» **ACTION ITEM**
Report each line from the records where the string "nets" turns up.

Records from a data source
==*==

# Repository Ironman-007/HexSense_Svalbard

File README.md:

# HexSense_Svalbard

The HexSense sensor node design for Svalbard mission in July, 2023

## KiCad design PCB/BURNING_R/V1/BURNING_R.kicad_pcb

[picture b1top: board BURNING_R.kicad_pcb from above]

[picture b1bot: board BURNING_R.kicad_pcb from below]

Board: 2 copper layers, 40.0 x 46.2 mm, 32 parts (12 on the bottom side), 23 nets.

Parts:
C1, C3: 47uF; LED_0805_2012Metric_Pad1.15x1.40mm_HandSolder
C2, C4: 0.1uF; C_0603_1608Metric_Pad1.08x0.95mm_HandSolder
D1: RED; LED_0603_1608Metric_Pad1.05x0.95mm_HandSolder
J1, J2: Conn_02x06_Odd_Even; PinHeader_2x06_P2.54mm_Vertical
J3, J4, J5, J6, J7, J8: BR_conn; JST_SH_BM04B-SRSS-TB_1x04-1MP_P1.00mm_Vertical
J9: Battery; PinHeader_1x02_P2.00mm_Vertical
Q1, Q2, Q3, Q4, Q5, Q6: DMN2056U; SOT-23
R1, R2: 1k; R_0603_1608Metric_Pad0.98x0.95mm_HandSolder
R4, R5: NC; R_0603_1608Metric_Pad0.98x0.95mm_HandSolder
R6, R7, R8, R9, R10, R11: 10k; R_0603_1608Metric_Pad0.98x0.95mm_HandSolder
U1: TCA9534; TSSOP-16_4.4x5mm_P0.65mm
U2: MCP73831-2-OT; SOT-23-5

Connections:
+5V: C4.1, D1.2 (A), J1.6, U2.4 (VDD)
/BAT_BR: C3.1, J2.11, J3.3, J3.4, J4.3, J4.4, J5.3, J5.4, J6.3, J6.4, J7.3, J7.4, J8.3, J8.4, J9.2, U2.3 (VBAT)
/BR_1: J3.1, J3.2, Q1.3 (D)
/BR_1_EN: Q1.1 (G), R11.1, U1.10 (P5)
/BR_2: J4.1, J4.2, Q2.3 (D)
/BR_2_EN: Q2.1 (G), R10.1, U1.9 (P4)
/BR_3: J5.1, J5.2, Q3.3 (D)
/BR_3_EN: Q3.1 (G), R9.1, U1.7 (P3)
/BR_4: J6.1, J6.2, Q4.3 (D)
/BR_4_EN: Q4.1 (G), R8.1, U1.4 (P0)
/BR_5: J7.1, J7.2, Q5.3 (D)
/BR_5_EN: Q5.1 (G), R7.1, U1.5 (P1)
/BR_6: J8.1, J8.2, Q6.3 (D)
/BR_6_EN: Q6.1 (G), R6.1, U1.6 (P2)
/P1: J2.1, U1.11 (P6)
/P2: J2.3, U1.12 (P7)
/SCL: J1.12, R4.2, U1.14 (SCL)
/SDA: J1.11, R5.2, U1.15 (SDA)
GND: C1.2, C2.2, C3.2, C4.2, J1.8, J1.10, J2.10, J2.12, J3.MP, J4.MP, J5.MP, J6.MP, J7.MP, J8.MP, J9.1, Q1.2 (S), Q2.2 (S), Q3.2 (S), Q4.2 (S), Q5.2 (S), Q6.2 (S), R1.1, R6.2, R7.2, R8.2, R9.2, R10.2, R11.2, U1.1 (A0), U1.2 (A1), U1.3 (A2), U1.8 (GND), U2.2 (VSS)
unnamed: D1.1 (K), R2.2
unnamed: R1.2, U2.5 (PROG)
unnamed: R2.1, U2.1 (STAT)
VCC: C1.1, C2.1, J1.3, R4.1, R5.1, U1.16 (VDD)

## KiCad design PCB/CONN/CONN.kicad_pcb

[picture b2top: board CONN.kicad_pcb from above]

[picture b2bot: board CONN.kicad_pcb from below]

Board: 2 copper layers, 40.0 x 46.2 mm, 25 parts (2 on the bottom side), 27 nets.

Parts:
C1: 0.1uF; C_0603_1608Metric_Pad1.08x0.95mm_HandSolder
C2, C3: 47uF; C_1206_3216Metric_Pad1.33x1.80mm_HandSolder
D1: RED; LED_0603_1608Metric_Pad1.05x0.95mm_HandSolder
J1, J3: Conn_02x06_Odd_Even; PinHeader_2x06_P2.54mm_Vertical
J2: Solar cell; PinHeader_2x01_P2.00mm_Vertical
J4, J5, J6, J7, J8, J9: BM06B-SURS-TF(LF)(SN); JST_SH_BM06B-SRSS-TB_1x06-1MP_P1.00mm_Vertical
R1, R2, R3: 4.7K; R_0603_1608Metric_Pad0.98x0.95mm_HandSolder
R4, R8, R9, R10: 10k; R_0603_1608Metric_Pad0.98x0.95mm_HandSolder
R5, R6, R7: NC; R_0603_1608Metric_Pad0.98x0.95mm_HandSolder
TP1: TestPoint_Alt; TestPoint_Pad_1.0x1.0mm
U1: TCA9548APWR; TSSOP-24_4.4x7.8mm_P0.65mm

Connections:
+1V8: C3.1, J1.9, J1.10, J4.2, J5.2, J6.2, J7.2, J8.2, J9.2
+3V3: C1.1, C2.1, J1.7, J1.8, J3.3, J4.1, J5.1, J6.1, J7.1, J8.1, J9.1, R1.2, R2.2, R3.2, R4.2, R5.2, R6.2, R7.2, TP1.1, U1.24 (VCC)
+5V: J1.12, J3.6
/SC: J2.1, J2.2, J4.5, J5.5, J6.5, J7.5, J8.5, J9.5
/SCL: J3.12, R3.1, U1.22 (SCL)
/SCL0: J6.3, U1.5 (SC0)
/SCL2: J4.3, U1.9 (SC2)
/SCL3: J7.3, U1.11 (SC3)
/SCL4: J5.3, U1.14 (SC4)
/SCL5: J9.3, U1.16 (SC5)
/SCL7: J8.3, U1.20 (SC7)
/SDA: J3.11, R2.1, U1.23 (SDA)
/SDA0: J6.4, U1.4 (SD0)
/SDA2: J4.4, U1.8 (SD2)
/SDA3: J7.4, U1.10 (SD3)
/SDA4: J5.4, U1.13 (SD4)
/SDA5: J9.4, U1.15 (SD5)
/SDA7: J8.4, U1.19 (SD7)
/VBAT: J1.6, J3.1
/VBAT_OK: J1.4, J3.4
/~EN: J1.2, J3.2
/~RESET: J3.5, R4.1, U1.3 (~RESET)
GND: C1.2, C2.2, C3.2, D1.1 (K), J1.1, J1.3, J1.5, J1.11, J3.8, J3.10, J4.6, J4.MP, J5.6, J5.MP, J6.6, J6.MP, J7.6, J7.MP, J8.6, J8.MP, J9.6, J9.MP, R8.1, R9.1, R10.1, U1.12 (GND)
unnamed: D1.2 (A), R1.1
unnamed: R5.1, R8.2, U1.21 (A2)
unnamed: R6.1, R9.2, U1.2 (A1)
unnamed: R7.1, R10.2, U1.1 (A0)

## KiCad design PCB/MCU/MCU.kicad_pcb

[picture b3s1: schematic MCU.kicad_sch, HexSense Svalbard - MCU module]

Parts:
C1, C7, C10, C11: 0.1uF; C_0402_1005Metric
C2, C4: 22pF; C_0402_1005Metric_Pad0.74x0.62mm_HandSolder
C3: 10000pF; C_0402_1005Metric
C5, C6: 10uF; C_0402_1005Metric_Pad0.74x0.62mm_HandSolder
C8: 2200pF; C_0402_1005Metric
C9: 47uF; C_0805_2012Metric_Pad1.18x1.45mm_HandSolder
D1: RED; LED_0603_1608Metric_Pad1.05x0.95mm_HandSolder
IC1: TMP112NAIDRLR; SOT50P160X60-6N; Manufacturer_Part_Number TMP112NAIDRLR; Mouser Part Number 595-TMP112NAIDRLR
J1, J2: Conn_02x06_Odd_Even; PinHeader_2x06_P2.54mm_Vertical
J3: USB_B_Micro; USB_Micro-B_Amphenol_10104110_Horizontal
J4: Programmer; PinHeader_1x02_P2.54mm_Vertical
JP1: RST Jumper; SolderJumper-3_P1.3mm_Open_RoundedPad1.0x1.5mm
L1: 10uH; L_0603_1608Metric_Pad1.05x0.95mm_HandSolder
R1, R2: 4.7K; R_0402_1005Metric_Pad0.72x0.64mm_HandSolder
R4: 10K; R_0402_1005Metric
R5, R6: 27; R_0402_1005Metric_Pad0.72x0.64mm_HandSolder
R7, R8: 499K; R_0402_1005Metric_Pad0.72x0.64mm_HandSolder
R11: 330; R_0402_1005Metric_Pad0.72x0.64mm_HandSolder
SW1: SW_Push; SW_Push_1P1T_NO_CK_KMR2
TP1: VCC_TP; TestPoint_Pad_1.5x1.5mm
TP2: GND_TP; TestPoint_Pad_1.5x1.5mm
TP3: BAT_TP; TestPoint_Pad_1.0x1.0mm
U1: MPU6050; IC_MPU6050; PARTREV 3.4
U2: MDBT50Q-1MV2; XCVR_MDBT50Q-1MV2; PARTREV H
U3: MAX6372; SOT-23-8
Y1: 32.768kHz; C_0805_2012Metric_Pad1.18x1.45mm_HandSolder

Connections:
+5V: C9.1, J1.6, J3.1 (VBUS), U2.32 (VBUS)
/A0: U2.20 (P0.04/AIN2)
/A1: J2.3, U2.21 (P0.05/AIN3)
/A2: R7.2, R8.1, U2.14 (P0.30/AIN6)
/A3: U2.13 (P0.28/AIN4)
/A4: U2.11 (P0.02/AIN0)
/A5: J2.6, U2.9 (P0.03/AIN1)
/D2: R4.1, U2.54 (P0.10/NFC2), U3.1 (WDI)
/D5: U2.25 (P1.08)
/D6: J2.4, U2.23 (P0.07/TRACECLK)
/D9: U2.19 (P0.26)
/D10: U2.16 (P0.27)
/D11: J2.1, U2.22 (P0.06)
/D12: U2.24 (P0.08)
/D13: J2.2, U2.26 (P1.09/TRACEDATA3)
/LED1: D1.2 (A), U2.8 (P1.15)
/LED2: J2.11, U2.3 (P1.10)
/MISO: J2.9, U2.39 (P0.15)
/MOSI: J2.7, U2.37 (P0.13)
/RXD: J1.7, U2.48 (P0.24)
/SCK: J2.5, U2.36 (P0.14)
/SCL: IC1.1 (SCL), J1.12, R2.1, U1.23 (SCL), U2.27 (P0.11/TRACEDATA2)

==*==

» **REPLY**
Board: 2 copper layers, 40.0 x 46.2 mm, 32 parts (12 on the bottom side), 23 nets.
Board: 2 copper layers, 40.0 x 46.2 mm, 25 parts (2 on the bottom side), 27 nets.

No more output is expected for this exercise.